RECORD EXTRACTS: Begin
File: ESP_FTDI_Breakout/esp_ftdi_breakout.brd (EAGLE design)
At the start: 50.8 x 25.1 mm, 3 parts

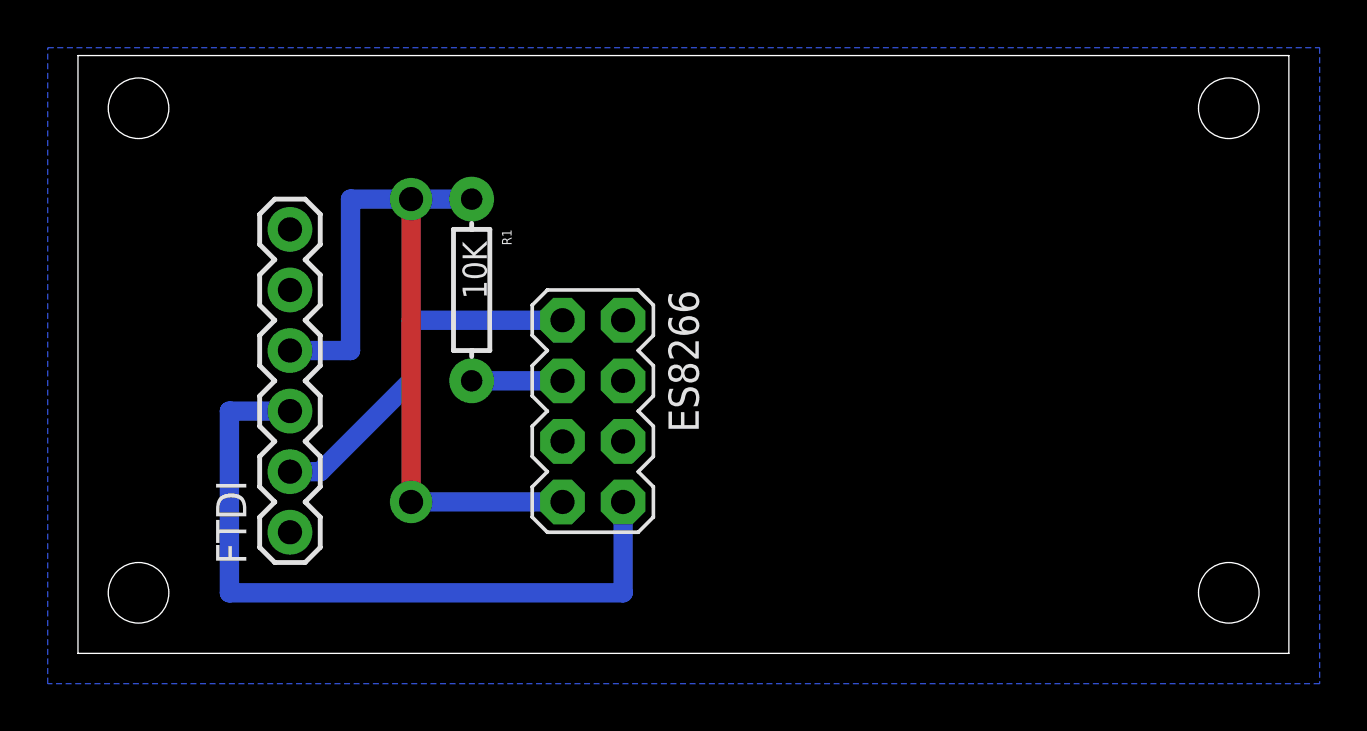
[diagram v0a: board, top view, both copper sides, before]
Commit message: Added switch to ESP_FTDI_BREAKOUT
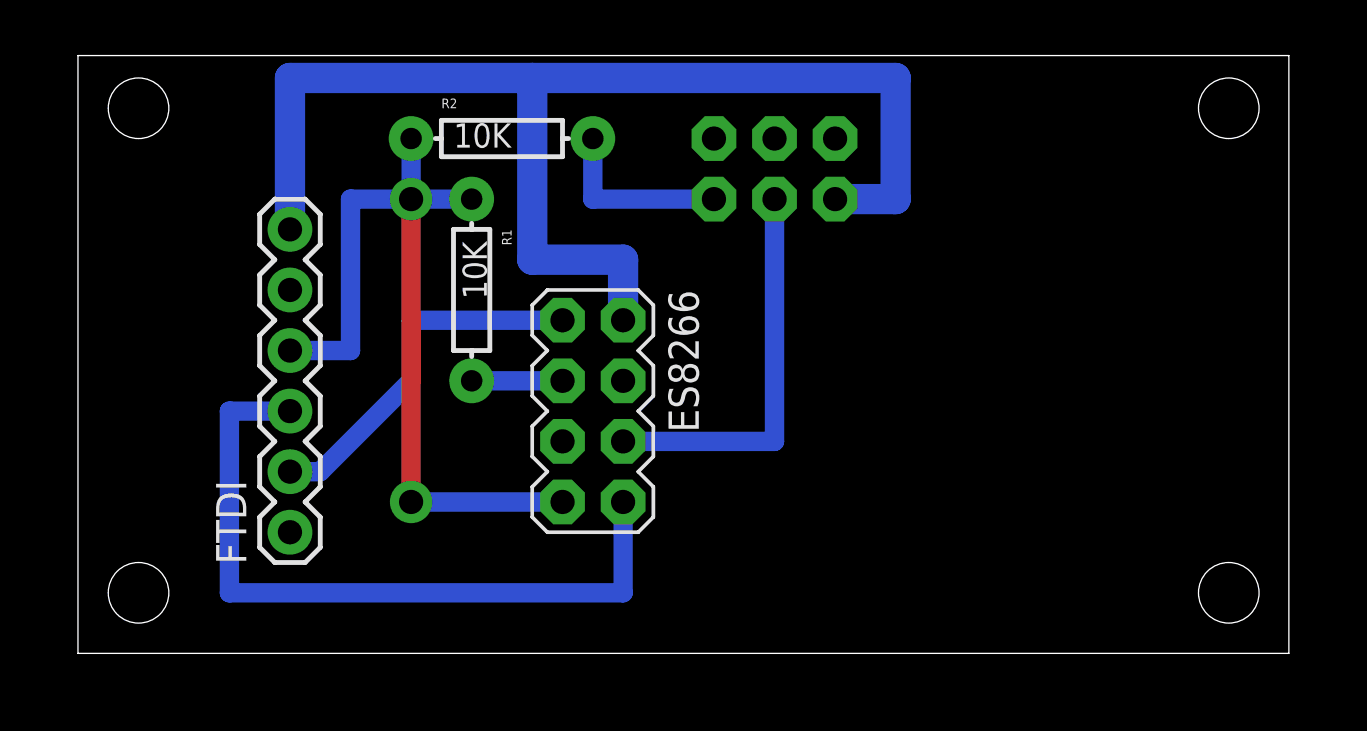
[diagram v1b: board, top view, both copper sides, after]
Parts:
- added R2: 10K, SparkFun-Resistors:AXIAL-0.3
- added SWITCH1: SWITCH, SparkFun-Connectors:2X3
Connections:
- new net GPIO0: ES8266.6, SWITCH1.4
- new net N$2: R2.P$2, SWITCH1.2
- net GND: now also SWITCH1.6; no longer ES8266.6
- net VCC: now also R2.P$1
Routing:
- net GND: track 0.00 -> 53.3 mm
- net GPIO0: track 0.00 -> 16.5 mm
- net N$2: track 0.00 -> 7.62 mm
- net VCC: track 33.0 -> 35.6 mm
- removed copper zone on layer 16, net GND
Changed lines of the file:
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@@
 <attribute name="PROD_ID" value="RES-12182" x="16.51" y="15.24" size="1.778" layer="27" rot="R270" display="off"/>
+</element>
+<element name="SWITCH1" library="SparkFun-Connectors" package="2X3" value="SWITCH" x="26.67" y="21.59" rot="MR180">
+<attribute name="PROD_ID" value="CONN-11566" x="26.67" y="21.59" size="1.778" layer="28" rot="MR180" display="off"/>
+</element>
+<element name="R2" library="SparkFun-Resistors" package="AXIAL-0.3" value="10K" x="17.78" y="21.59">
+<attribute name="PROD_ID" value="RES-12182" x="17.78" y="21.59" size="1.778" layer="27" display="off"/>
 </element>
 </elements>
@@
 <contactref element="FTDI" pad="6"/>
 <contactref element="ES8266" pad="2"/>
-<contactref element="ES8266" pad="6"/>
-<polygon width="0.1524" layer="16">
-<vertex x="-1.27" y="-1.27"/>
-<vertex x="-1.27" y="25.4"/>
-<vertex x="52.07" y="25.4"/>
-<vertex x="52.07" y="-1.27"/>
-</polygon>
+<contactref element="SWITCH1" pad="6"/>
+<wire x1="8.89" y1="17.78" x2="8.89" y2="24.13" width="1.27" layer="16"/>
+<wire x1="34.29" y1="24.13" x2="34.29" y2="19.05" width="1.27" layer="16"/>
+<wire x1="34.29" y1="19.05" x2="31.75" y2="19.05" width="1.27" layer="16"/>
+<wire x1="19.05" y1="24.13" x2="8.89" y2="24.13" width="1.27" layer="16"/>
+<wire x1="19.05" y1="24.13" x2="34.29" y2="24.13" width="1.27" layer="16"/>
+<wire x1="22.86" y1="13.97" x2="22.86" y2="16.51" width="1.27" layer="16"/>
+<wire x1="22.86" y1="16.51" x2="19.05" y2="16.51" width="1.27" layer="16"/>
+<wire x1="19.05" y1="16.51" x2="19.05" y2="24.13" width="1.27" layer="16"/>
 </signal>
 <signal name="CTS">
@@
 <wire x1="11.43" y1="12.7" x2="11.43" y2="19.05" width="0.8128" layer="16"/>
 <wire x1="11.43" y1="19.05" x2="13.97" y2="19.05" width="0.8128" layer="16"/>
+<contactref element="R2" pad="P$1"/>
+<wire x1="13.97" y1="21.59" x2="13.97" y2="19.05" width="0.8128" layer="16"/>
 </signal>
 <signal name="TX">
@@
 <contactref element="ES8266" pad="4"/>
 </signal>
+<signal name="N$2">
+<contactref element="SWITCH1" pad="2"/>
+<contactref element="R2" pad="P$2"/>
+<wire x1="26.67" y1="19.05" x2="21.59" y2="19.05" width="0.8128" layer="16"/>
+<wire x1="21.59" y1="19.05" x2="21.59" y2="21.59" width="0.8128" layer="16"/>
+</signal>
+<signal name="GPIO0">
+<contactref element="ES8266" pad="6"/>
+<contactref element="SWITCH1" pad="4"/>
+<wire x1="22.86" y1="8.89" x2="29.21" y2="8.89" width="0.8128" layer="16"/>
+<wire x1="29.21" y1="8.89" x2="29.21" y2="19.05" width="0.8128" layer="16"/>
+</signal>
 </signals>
RECORD EXTRACTS: End
### REQUIRED ACTION:
Every line in the data above that contains "track" needs to be copied.

### RESPONSE FOR THIS EXERCISE:
- net GND: track 0.00 -> 53.3 mm
- net GPIO0: track 0.00 -> 16.5 mm
- net N$2: track 0.00 -> 7.62 mm
- net VCC: track 33.0 -> 35.6 mm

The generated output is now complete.